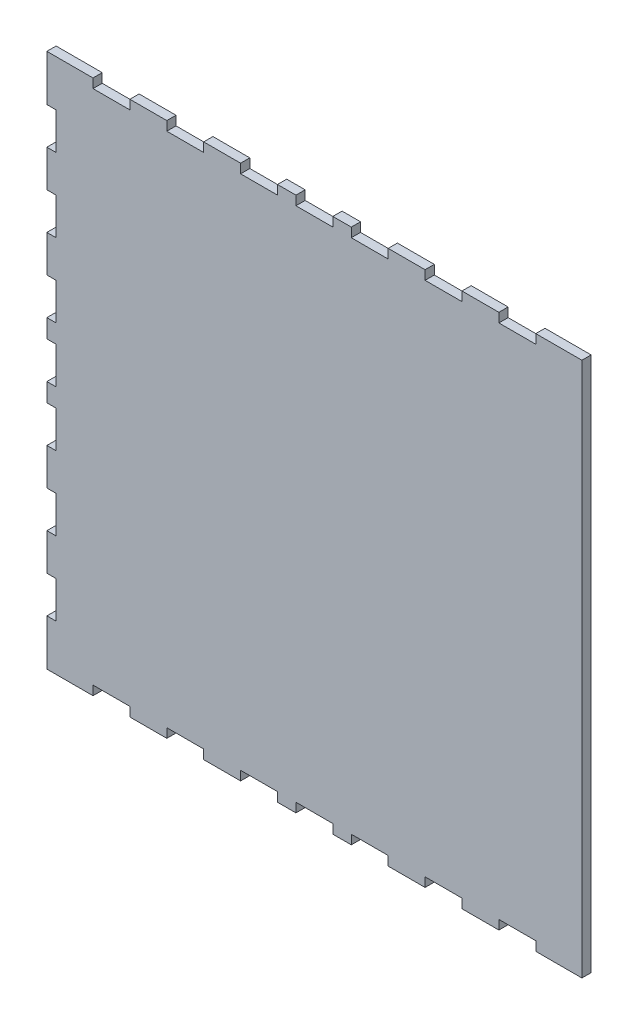
from build123d import *

# Parameters (mm, degrees)
EXTRUDE1_DEPTH = 6.35


with BuildPart() as part:
    # Sketch1 → Extrude1 (new body)
    with BuildSketch(Plane.XY):
        Polygon((500.815587146, 387.589172699), (500.815587146, 19.289172699), (469.065587146, 19.289172699), (469.065587146, 25.639172699), (443.665587146, 25.639172699), (443.665587146, 19.289172699), (418.265587146, 19.289172699), (418.265587146, 25.639172699), (392.865587146, 25.639172699), (392.865587146, 19.289172699), (367.465587146, 19.289172699), (367.465587146, 25.639172699), (342.065587146, 25.639172699), (342.065587146, 19.289172699), (329.365587146, 19.289172699), (329.365587146, 25.639172699), (303.965587146, 25.639172699), (303.965587146, 19.289172699), (291.265587146, 19.289172699), (291.265587146, 25.639172699), (265.865587146, 25.639172699), (265.865587146, 19.289172699), (240.465587146, 19.289172699), (240.465587146, 25.639172699), (215.065587146, 25.639172699), (215.065587146, 19.289172699), (189.665587146, 19.289172699), (189.665587146, 25.639172699), (164.265587146, 25.639172699), (164.265587146, 19.289172699), (132.515587146, 19.289172699), (132.515587146, 51.039172699), (138.865587146, 51.039172699), (138.865587146, 76.439172699), (132.515587146, 76.439172699), (132.515587146, 101.839172699), (138.865587146, 101.839172699), (138.865587146, 127.239172699), (132.515587146, 127.239172699), (132.515587146, 152.639172699), (138.865587146, 152.639172699), (138.865587146, 178.039172699), (132.515587146, 178.039172699), (132.515587146, 190.739172699), (138.865587146, 190.739172699), (138.865587146, 216.139172699), (132.515587146, 216.139172699), (132.515587146, 228.839172699), (138.865587146, 228.839172699), (138.865587146, 254.239172699), (132.515587146, 254.239172699), (132.515587146, 279.639172699), (138.865587146, 279.639172699), (138.865587146, 305.039172699), (132.515587146, 305.039172699), (132.515587146, 330.439172699), (138.865587146, 330.439172699), (138.865587146, 355.839172699), (132.515587146, 355.839172699), (132.515587146, 387.589172699), (164.265587146, 387.589172699), (164.265587146, 381.239172699), (189.665587146, 381.239172699), (189.665587146, 387.589172699), (215.065587146, 387.589172699), (215.065587146, 381.239172699), (240.465587146, 381.239172699), (240.465587146, 387.589172699), (265.865587146, 387.589172699), (265.865587146, 381.239172699), (291.265587146, 381.239172699), (291.265587146, 387.589172699), (303.965587146, 387.589172699), (303.965587146, 381.239172699), (329.365587146, 381.239172699), (329.365587146, 387.589172699), (342.065587146, 387.589172699), (342.065587146, 381.239172699), (367.465587146, 381.239172699), (367.465587146, 387.589172699), (392.865587146, 387.589172699), (392.865587146, 381.239172699), (418.265587146, 381.239172699), (418.265587146, 387.589172699), (443.665587146, 387.589172699), (443.665587146, 381.239172699), (469.065587146, 381.239172699), (469.065587146, 387.589172699), align=None)
    extrude(amount=EXTRUDE1_DEPTH)


solid = part.part

━━━━━━━━━━━━━━━━

- **DIRECTIONS FOR THIS TASK**: Without including any picture, reproduce the material above word for word.

- **EXERCISE ANSWER**:
from build123d import *

# Parameters (mm, degrees)
EXTRUDE1_DEPTH = 6.35


with BuildPart() as part:
    # Sketch1 → Extrude1 (new body)
    with BuildSketch(Plane.XY):
        Polygon((500.815587146, 387.589172699), (500.815587146, 19.289172699), (469.065587146, 19.289172699), (469.065587146, 25.639172699), (443.665587146, 25.639172699), (443.665587146, 19.289172699), (418.265587146, 19.289172699), (418.265587146, 25.639172699), (392.865587146, 25.639172699), (392.865587146, 19.289172699), (367.465587146, 19.289172699), (367.465587146, 25.639172699), (342.065587146, 25.639172699), (342.065587146, 19.289172699), (329.365587146, 19.289172699), (329.365587146, 25.639172699), (303.965587146, 25.639172699), (303.965587146, 19.289172699), (291.265587146, 19.289172699), (291.265587146, 25.639172699), (265.865587146, 25.639172699), (265.865587146, 19.289172699), (240.465587146, 19.289172699), (240.465587146, 25.639172699), (215.065587146, 25.639172699), (215.065587146, 19.289172699), (189.665587146, 19.289172699), (189.665587146, 25.639172699), (164.265587146, 25.639172699), (164.265587146, 19.289172699), (132.515587146, 19.289172699), (132.515587146, 51.039172699), (138.865587146, 51.039172699), (138.865587146, 76.439172699), (132.515587146, 76.439172699), (132.515587146, 101.839172699), (138.865587146, 101.839172699), (138.865587146, 127.239172699), (132.515587146, 127.239172699), (132.515587146, 152.639172699), (138.865587146, 152.639172699), (138.865587146, 178.039172699), (132.515587146, 178.039172699), (132.515587146, 190.739172699), (138.865587146, 190.739172699), (138.865587146, 216.139172699), (132.515587146, 216.139172699), (132.515587146, 228.839172699), (138.865587146, 228.839172699), (138.865587146, 254.239172699), (132.515587146, 254.239172699), (132.515587146, 279.639172699), (138.865587146, 279.639172699), (138.865587146, 305.039172699), (132.515587146, 305.039172699), (132.515587146, 330.439172699), (138.865587146, 330.439172699), (138.865587146, 355.839172699), (132.515587146, 355.839172699), (132.515587146, 387.589172699), (164.265587146, 387.589172699), (164.265587146, 381.239172699), (189.665587146, 381.239172699), (189.665587146, 387.589172699), (215.065587146, 387.589172699), (215.065587146, 381.239172699), (240.465587146, 381.239172699), (240.465587146, 387.589172699), (265.865587146, 387.589172699), (265.865587146, 381.239172699), (291.265587146, 381.239172699), (291.265587146, 387.589172699), (303.965587146, 387.589172699), (303.965587146, 381.239172699), (329.365587146, 381.239172699), (329.365587146, 387.589172699), (342.065587146, 387.589172699), (342.065587146, 381.239172699), (367.465587146, 381.239172699), (367.465587146, 387.589172699), (392.865587146, 387.589172699), (392.865587146, 381.239172699), (418.265587146, 381.239172699), (418.265587146, 387.589172699), (443.665587146, 387.589172699), (443.665587146, 381.239172699), (469.065587146, 381.239172699), (469.065587146, 387.589172699), align=None)
    extrude(amount=EXTRUDE1_DEPTH)


solid = part.part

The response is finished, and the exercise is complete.